── Data in this exercise

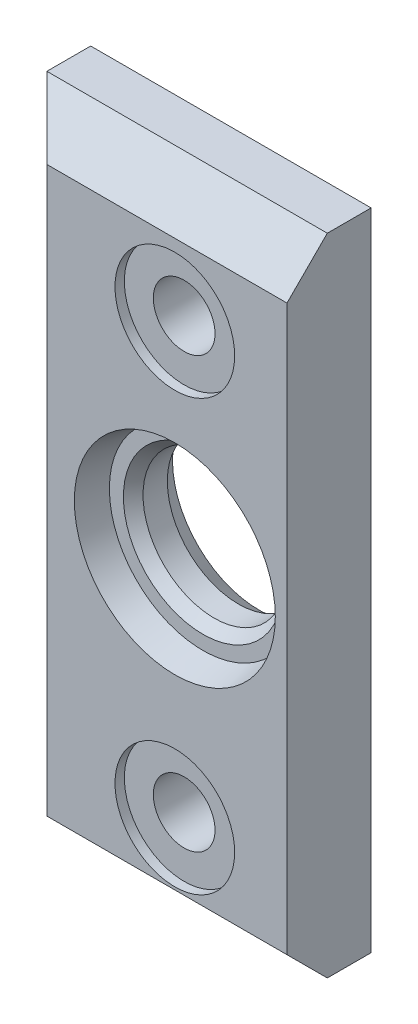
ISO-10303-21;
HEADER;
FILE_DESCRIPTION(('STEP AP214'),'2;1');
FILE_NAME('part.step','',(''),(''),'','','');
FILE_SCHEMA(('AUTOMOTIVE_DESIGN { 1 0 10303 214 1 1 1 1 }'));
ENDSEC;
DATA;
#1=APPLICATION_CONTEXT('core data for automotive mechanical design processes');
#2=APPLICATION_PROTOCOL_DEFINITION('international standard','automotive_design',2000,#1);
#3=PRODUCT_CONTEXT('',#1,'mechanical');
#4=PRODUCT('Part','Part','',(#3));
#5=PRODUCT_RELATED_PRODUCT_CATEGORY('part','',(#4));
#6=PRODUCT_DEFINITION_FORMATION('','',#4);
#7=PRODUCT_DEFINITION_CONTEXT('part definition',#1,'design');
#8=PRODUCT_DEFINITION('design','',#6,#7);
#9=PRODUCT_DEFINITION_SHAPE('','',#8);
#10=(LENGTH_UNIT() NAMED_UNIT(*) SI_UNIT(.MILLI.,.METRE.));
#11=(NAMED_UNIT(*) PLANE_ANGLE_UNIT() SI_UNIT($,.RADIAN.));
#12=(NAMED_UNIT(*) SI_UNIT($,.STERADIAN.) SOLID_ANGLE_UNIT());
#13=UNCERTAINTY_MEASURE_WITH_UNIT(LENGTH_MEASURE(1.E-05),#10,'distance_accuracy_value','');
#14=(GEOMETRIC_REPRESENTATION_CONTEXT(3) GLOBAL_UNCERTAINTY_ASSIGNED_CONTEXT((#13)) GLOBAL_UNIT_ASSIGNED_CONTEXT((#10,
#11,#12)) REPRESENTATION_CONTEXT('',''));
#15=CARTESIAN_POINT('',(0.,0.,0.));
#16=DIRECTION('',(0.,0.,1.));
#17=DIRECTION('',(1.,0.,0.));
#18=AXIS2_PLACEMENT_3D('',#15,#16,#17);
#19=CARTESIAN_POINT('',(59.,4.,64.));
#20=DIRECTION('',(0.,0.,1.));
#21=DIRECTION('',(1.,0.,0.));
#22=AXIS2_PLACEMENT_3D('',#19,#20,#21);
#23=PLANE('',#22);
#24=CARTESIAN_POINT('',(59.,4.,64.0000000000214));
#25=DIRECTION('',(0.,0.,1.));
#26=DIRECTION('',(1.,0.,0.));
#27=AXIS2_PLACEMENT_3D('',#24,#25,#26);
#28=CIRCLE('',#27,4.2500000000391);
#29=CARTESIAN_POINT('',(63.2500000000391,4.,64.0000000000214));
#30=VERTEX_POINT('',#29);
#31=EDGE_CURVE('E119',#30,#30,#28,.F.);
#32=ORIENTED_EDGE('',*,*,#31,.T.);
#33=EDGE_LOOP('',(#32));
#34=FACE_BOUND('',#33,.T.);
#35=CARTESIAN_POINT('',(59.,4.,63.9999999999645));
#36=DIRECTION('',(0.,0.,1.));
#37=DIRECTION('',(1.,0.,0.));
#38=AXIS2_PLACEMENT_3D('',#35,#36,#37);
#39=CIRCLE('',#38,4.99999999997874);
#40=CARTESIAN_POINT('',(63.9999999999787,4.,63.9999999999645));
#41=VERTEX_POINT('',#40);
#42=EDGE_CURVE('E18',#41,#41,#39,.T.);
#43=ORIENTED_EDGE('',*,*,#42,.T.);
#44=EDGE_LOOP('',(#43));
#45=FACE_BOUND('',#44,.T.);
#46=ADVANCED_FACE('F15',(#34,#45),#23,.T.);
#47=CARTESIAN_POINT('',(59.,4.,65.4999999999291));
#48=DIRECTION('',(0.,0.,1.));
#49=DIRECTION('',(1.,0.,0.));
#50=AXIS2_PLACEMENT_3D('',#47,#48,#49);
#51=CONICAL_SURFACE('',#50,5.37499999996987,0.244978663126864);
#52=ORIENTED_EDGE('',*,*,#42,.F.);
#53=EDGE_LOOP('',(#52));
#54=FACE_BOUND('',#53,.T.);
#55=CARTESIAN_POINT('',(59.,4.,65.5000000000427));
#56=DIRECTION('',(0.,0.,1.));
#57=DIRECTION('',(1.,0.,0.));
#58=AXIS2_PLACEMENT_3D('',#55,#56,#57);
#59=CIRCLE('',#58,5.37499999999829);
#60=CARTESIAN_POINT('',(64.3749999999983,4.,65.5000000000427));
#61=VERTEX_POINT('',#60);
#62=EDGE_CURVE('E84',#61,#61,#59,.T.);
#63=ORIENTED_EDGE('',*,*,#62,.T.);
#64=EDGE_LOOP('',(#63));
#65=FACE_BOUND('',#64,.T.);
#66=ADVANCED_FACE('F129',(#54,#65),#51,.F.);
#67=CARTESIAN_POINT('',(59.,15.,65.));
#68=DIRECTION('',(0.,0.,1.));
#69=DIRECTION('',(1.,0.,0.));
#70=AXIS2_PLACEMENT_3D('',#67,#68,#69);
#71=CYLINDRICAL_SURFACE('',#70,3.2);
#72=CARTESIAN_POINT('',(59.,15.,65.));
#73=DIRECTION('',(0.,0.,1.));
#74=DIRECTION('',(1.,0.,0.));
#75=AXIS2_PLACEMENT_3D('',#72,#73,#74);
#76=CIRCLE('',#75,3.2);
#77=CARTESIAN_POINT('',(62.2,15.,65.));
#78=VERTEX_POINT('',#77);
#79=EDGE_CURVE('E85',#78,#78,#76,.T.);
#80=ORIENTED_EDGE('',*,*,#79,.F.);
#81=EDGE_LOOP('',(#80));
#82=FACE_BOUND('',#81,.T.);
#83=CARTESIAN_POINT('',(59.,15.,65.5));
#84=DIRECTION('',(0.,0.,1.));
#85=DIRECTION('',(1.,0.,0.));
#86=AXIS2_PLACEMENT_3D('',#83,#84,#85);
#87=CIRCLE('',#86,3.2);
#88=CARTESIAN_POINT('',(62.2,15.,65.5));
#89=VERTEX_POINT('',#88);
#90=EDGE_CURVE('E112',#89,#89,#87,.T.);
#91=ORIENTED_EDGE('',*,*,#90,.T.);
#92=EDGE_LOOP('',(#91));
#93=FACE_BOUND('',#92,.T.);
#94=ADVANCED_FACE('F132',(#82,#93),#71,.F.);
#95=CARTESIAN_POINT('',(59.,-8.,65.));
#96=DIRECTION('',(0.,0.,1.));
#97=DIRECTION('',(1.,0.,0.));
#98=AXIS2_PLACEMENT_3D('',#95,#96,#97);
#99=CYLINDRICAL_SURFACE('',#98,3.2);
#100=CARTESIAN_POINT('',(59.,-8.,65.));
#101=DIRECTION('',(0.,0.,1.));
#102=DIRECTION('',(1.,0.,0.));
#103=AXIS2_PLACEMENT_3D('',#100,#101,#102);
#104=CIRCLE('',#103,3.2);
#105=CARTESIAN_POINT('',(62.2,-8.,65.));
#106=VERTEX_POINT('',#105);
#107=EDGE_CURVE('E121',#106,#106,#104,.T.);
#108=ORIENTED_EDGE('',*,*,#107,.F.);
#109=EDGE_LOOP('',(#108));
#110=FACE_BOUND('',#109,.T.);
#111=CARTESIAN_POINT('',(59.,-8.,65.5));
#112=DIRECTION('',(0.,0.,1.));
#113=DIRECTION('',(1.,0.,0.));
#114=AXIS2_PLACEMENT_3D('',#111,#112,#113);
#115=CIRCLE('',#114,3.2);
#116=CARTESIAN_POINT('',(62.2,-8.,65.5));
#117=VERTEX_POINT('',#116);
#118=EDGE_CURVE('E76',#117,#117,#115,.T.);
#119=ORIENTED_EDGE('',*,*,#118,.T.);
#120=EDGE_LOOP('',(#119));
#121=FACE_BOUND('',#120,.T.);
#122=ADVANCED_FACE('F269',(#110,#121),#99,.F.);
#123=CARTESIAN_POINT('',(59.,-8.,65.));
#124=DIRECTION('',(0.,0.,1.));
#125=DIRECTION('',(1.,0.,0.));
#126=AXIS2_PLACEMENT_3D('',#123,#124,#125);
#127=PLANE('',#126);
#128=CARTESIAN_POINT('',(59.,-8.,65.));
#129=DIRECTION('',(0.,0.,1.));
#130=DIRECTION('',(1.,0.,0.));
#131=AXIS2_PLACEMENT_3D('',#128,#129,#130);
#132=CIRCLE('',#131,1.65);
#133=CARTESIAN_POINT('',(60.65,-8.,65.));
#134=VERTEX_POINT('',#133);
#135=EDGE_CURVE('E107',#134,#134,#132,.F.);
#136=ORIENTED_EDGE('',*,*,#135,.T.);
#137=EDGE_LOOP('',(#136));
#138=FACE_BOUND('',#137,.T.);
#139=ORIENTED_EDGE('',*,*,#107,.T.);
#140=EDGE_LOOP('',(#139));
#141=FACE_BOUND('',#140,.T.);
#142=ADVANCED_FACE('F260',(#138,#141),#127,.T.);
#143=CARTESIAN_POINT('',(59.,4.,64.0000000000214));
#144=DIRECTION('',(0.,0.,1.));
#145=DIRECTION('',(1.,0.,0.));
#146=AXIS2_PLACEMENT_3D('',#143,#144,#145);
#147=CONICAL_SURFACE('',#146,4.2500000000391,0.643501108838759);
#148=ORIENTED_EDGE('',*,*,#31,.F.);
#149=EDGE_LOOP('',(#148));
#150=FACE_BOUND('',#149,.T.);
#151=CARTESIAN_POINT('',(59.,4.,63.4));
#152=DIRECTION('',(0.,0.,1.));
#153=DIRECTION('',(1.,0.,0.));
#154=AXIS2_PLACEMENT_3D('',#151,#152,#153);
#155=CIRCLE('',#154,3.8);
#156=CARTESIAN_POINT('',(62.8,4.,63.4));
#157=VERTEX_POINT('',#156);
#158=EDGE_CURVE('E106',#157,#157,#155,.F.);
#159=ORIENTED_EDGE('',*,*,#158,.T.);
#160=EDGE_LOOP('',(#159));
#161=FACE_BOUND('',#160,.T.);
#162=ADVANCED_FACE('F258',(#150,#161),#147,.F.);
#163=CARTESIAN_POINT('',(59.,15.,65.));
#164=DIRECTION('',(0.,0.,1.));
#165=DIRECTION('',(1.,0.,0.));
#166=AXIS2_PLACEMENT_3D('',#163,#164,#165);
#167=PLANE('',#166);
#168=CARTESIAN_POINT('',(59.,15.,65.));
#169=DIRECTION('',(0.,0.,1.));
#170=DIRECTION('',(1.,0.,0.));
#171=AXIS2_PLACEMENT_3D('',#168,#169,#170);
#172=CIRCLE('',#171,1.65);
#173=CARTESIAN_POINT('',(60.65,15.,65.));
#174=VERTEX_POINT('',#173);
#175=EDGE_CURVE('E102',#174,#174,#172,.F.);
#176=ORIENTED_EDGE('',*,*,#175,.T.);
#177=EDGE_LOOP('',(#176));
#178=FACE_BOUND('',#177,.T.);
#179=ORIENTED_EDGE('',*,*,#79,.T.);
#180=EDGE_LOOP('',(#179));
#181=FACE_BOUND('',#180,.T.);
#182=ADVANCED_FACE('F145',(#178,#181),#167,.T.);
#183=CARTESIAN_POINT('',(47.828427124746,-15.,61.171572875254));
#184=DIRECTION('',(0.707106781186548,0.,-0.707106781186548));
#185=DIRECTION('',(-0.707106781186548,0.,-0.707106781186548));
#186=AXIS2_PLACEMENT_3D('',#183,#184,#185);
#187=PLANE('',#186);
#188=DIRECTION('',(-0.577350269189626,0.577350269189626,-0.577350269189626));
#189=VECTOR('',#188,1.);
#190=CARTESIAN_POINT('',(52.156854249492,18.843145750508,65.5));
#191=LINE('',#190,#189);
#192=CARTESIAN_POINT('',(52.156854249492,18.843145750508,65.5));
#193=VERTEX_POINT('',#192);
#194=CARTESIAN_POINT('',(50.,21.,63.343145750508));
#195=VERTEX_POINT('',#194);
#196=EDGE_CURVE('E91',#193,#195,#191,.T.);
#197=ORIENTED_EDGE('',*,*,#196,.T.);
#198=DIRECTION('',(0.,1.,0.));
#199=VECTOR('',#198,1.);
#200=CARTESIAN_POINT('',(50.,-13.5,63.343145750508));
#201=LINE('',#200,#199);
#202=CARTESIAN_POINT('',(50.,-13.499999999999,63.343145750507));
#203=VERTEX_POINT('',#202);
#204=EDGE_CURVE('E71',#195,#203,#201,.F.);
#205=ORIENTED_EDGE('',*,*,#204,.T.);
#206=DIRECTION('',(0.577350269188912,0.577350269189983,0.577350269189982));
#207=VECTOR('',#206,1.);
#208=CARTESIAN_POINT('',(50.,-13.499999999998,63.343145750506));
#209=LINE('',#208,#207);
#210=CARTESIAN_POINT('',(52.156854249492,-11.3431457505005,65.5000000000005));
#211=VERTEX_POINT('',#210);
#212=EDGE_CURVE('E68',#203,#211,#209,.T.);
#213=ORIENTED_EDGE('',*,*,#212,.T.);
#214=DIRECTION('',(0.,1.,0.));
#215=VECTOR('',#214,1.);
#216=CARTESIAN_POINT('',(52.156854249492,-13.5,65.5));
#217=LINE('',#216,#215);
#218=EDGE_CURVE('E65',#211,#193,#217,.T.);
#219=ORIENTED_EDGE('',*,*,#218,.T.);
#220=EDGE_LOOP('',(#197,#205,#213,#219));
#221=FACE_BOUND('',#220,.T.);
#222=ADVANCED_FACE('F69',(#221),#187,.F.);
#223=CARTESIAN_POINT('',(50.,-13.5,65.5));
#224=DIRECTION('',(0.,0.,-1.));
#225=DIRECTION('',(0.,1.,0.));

────

What you need to do: There is a line with "#61=VERTEX_POINT('',#60);" and a line with "#67=CARTESIAN_POINT('',(59.,15.,65.));" above. Copy exactly those two lines and all lines between them, with nothing else.

Response:
#61=VERTEX_POINT('',#60);
#62=EDGE_CURVE('E84',#61,#61,#59,.T.);
#63=ORIENTED_EDGE('',*,*,#62,.T.);
#64=EDGE_LOOP('',(#63));
#65=FACE_BOUND('',#64,.T.);
#66=ADVANCED_FACE('F129',(#54,#65),#51,.F.);
#67=CARTESIAN_POINT('',(59.,15.,65.));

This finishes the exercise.